Problem requirements: Scan the entries for the word "Commit", and copy every line where it appears.

Information:
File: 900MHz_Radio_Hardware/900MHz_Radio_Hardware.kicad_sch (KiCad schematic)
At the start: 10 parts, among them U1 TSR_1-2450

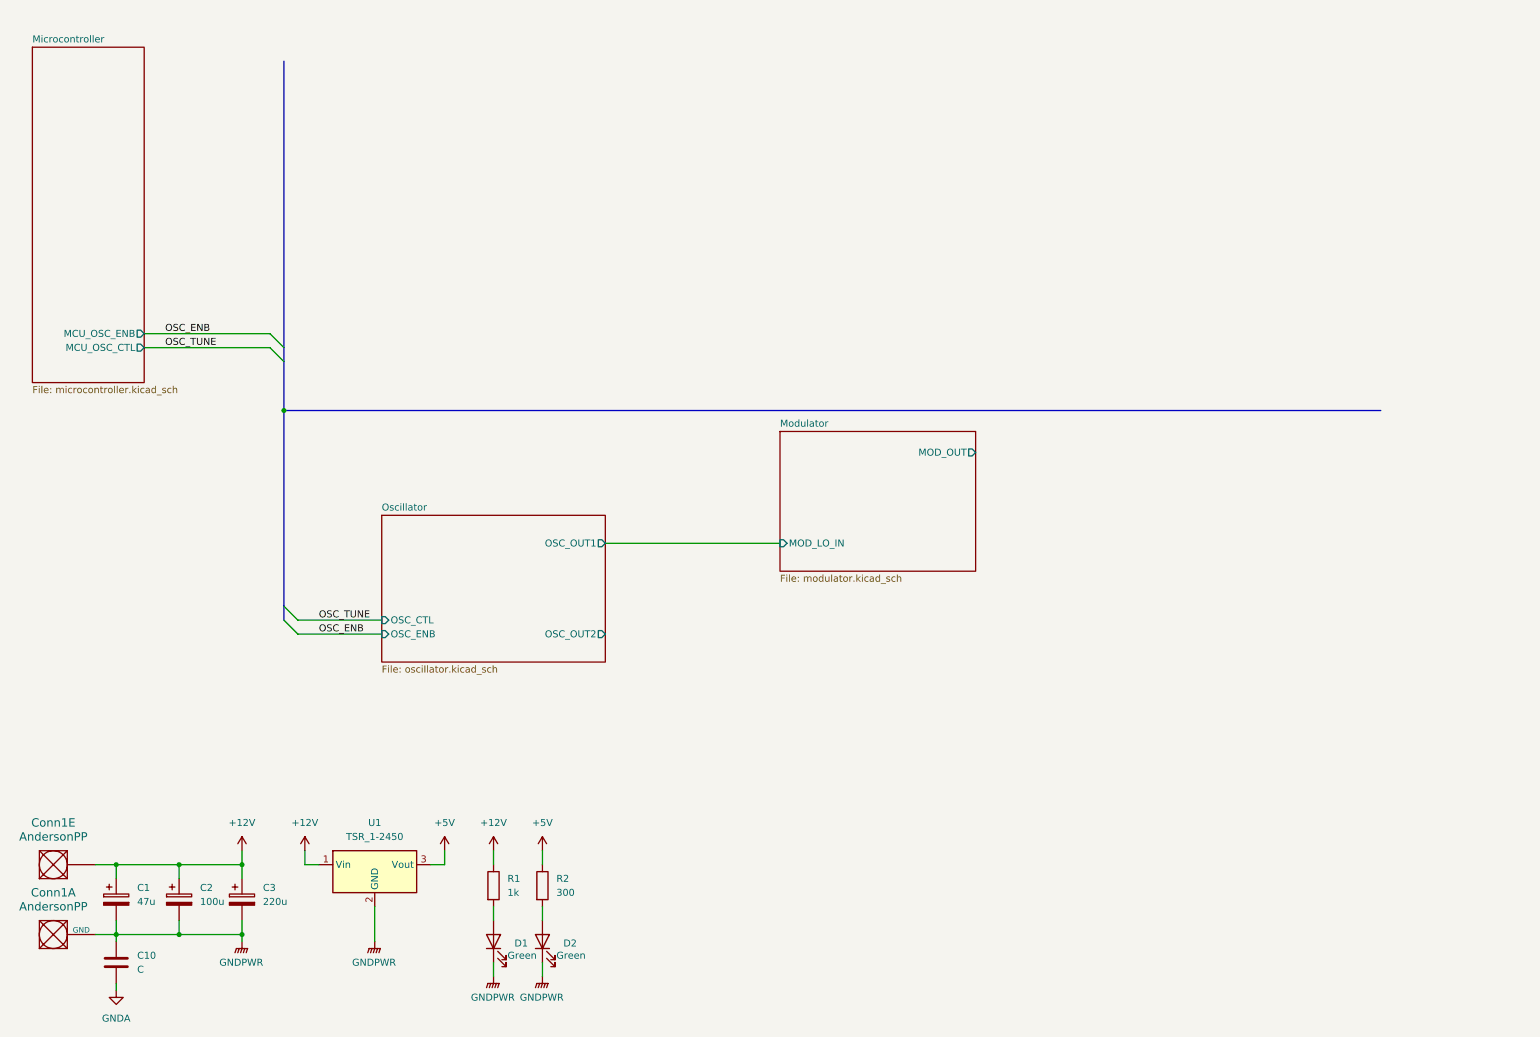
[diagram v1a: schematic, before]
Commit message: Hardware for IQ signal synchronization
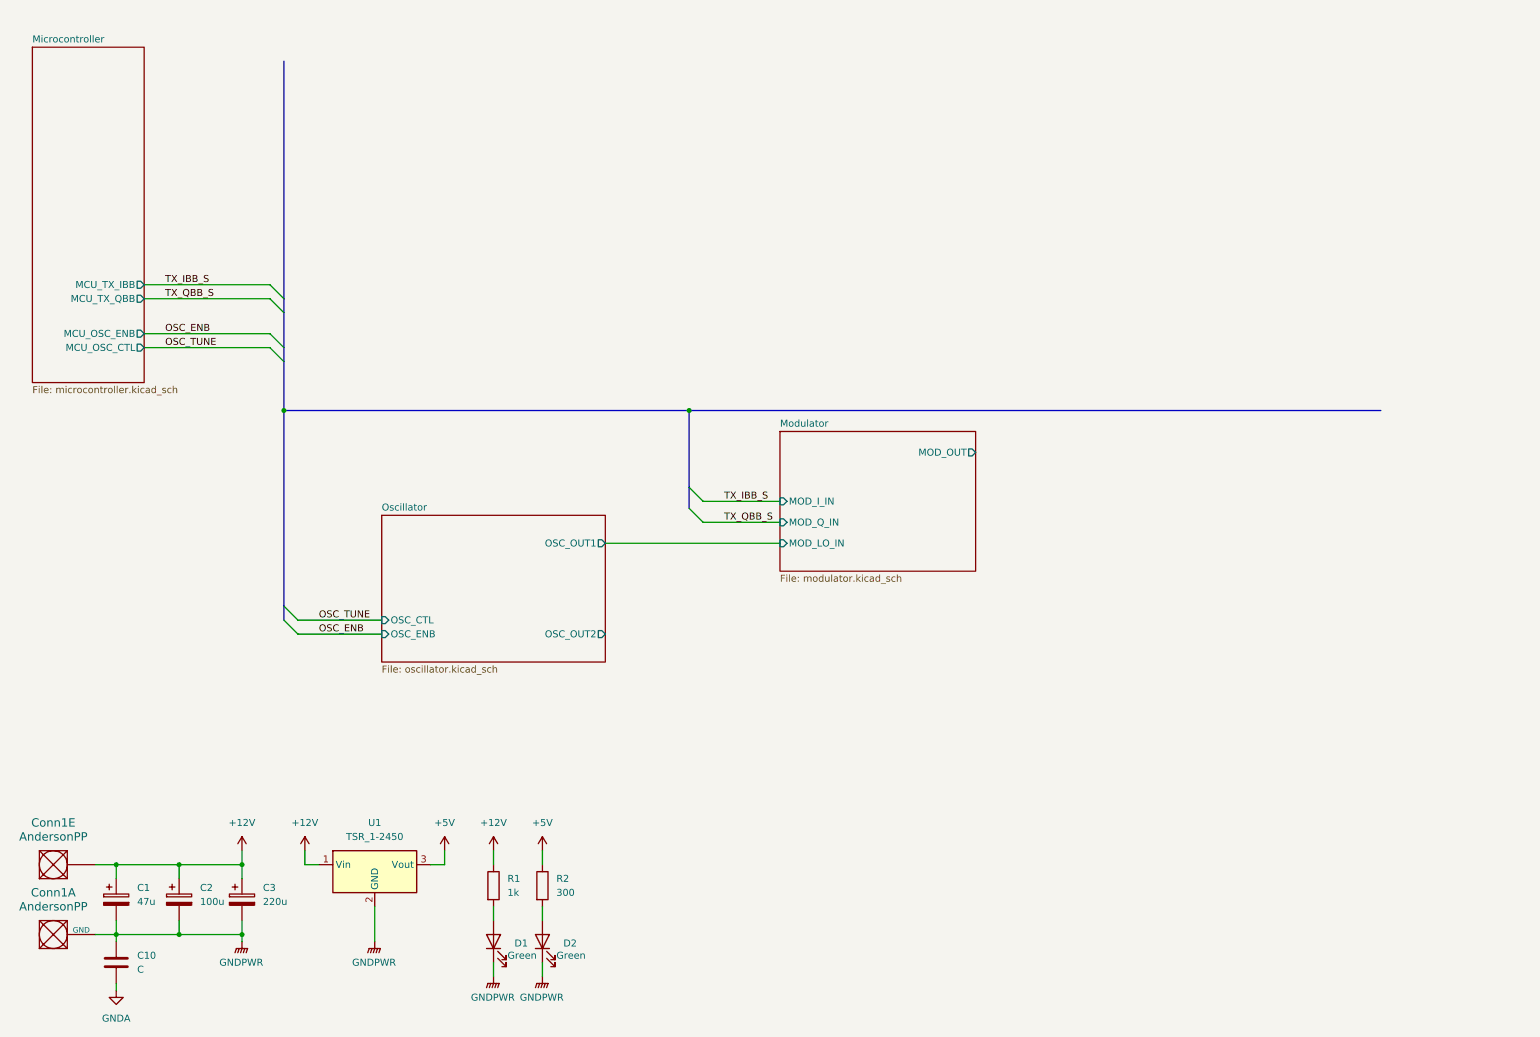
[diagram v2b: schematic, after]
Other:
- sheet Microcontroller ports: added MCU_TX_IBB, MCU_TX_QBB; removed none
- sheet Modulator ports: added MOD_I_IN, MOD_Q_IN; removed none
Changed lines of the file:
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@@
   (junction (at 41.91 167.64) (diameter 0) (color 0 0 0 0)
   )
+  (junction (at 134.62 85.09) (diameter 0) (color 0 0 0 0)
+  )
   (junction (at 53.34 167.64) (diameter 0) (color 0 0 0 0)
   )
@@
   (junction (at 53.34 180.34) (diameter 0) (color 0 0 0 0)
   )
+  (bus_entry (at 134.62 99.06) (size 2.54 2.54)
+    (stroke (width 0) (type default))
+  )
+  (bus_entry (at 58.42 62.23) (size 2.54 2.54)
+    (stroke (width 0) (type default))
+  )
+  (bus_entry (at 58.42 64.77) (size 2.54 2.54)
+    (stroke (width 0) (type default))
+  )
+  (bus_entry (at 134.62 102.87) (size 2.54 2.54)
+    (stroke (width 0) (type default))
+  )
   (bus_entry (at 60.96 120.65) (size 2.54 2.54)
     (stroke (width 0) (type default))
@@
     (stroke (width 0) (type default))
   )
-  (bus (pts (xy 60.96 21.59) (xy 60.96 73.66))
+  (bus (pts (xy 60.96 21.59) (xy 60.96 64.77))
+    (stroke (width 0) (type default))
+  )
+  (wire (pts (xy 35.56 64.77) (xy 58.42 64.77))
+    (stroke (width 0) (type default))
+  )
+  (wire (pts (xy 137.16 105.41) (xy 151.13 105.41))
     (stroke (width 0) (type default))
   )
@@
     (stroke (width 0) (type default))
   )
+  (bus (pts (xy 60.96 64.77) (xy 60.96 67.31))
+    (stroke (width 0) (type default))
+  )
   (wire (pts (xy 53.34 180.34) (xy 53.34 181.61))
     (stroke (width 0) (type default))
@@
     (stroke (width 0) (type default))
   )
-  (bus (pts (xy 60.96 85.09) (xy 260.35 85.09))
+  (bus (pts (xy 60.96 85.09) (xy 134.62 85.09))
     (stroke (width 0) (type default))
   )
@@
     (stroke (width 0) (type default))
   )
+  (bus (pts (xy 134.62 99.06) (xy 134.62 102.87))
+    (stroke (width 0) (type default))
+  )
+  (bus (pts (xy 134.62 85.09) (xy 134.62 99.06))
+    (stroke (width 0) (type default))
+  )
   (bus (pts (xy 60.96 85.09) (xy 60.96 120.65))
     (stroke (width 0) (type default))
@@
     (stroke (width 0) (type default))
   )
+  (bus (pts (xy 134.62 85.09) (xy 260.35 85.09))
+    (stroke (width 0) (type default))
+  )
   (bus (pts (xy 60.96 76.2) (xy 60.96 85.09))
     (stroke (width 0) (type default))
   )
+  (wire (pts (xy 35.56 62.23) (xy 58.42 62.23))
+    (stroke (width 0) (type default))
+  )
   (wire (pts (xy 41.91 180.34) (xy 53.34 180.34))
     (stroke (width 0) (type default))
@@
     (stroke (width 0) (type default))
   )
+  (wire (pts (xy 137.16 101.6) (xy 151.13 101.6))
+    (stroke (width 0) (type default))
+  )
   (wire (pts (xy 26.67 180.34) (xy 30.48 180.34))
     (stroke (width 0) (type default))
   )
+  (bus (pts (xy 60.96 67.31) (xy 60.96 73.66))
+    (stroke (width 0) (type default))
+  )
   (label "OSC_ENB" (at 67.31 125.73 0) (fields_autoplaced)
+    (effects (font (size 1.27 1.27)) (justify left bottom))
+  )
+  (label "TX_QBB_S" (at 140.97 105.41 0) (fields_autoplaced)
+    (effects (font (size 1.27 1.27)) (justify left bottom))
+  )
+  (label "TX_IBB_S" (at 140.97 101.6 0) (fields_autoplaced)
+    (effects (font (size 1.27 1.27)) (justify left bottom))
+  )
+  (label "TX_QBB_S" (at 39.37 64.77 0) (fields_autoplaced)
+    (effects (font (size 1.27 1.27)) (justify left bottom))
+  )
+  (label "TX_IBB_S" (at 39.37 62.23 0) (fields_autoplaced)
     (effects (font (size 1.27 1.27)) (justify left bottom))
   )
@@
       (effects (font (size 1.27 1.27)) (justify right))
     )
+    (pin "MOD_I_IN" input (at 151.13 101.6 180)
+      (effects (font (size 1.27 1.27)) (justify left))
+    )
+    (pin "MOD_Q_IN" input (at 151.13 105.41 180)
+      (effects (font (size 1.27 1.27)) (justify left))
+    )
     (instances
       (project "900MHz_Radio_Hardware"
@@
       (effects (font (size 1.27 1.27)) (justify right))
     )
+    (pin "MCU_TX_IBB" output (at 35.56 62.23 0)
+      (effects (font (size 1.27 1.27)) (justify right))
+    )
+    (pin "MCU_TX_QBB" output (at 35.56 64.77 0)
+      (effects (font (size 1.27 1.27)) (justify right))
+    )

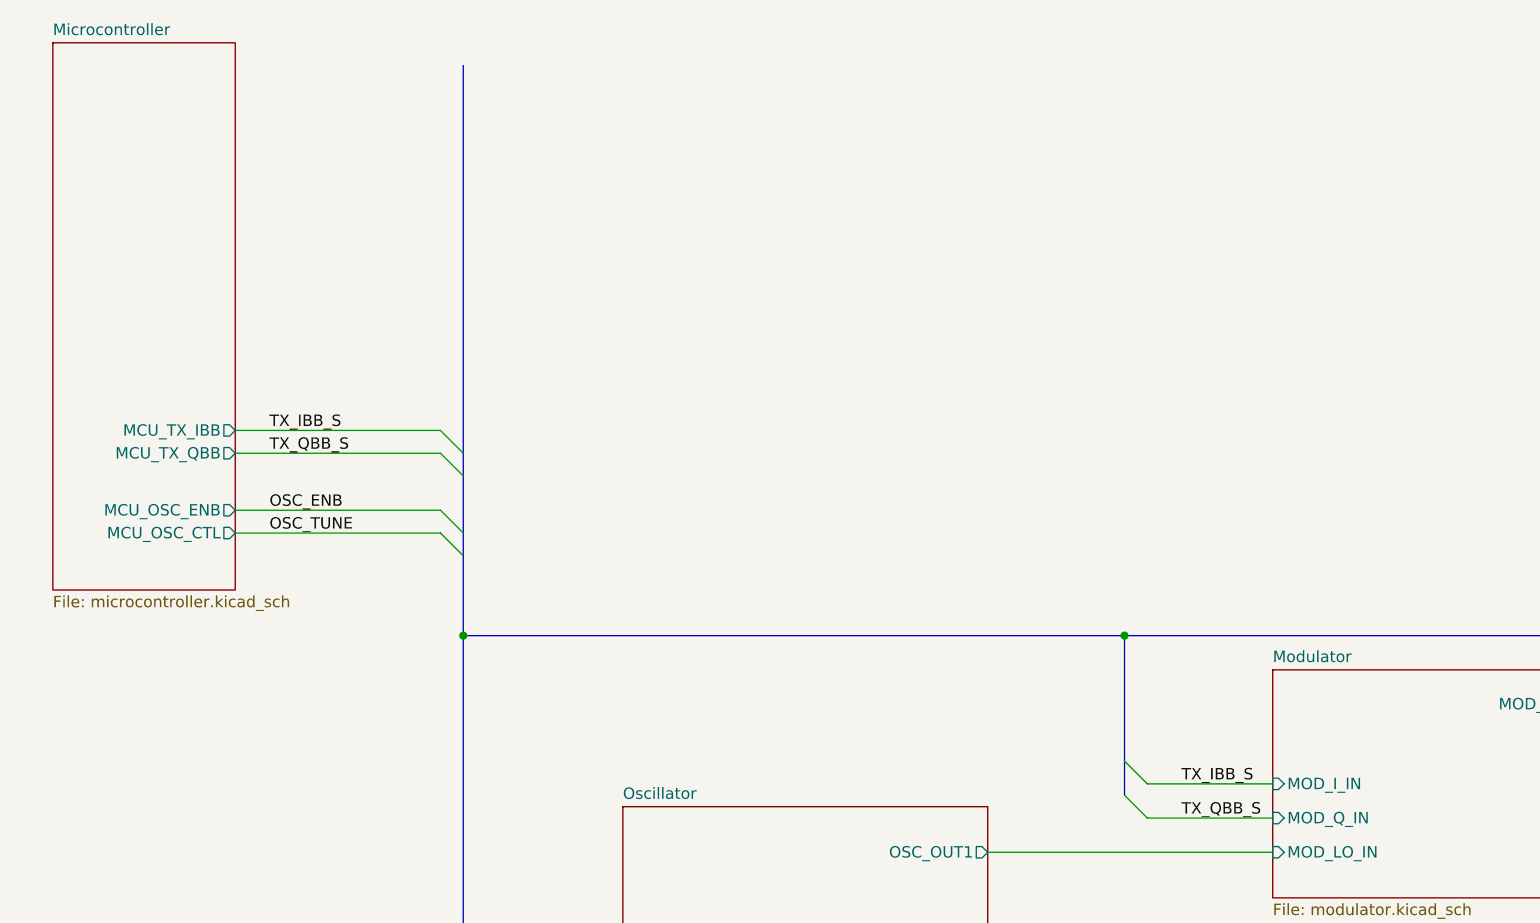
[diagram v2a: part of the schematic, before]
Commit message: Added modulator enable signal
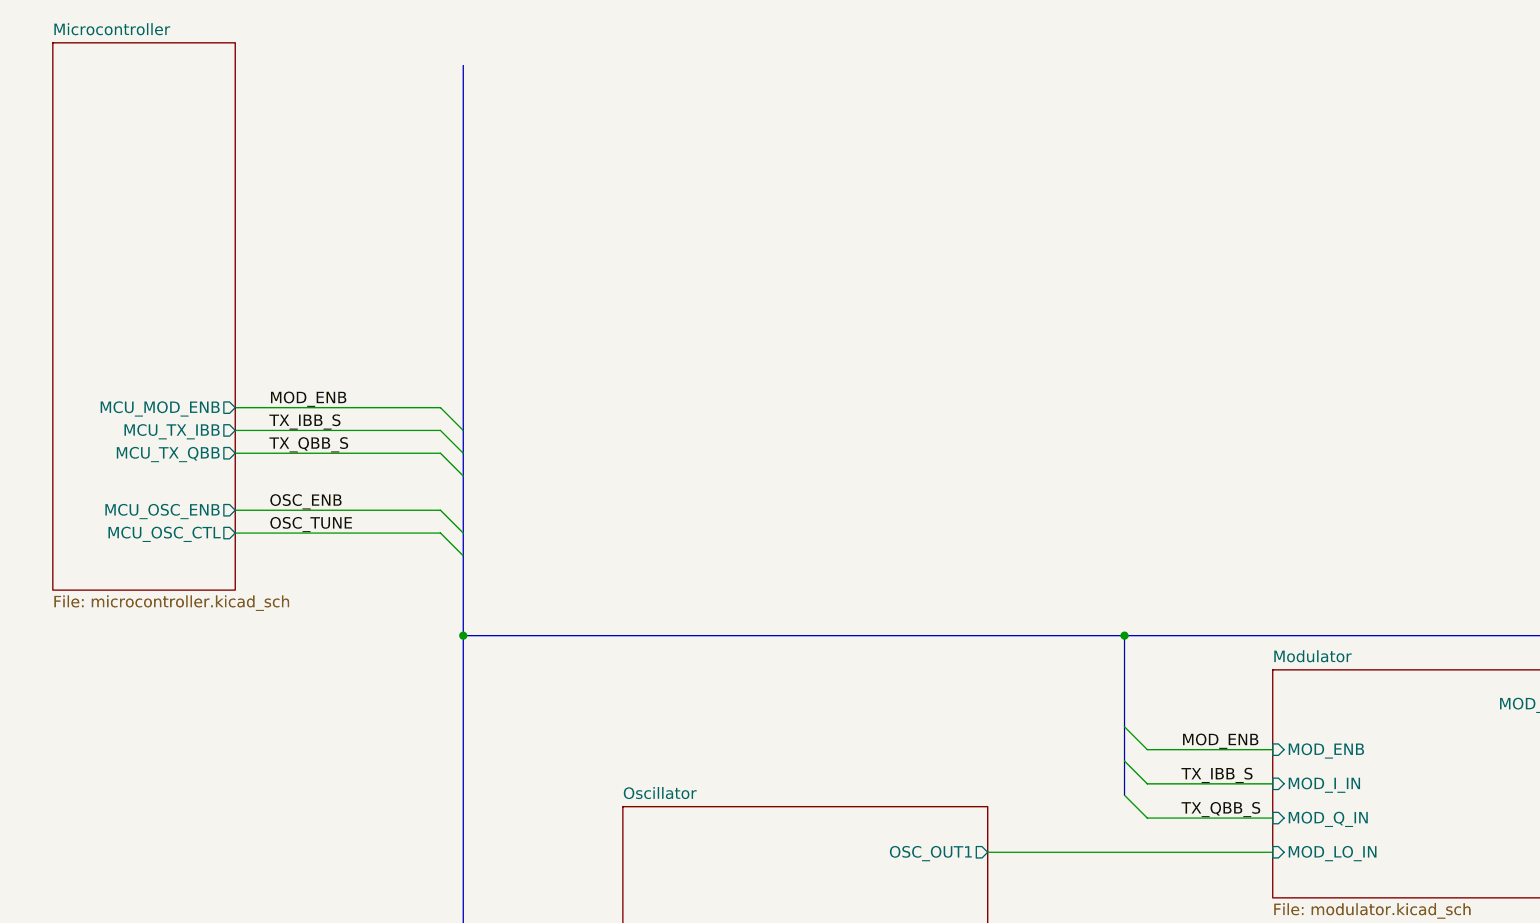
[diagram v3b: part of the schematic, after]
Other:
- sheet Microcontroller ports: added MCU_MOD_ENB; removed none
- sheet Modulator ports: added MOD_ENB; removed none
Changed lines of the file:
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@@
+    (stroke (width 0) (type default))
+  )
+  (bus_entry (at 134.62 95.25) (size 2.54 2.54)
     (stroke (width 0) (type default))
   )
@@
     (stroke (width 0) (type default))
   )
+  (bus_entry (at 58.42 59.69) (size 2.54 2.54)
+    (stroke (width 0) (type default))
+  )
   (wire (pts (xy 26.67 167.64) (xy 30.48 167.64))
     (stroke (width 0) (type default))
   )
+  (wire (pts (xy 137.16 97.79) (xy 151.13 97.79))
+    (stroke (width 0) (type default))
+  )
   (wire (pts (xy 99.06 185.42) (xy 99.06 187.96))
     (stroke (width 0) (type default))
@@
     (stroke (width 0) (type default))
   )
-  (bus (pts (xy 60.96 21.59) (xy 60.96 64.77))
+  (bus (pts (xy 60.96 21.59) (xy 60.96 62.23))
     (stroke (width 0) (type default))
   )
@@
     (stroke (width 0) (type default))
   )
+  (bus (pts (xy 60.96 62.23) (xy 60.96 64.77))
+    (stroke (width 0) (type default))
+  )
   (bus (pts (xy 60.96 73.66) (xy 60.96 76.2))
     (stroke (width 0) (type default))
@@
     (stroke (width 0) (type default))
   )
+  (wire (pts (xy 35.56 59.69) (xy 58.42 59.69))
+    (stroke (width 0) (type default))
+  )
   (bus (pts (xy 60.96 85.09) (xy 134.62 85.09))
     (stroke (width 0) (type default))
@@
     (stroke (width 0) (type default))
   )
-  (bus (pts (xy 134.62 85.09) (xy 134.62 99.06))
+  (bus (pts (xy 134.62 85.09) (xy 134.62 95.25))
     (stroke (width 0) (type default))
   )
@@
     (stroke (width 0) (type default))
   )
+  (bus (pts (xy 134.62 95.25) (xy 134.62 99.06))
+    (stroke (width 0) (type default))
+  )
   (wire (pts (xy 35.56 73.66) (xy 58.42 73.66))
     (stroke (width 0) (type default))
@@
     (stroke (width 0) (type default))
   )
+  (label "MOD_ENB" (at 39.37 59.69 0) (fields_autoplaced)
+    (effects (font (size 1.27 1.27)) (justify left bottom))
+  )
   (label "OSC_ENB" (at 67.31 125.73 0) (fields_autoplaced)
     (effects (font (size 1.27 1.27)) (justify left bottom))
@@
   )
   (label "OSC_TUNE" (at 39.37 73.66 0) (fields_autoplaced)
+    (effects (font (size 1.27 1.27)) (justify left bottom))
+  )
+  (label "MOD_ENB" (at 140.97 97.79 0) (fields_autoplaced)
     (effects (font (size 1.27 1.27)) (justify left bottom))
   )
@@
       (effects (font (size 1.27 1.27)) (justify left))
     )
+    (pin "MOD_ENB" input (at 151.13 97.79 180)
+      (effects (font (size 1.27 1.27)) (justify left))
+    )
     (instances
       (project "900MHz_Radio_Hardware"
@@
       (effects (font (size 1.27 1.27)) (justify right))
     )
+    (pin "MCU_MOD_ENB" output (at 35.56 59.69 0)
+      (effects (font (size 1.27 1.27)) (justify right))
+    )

Answer to this task:
Commit message: Hardware for IQ signal synchronization
Commit message: Added modulator enable signal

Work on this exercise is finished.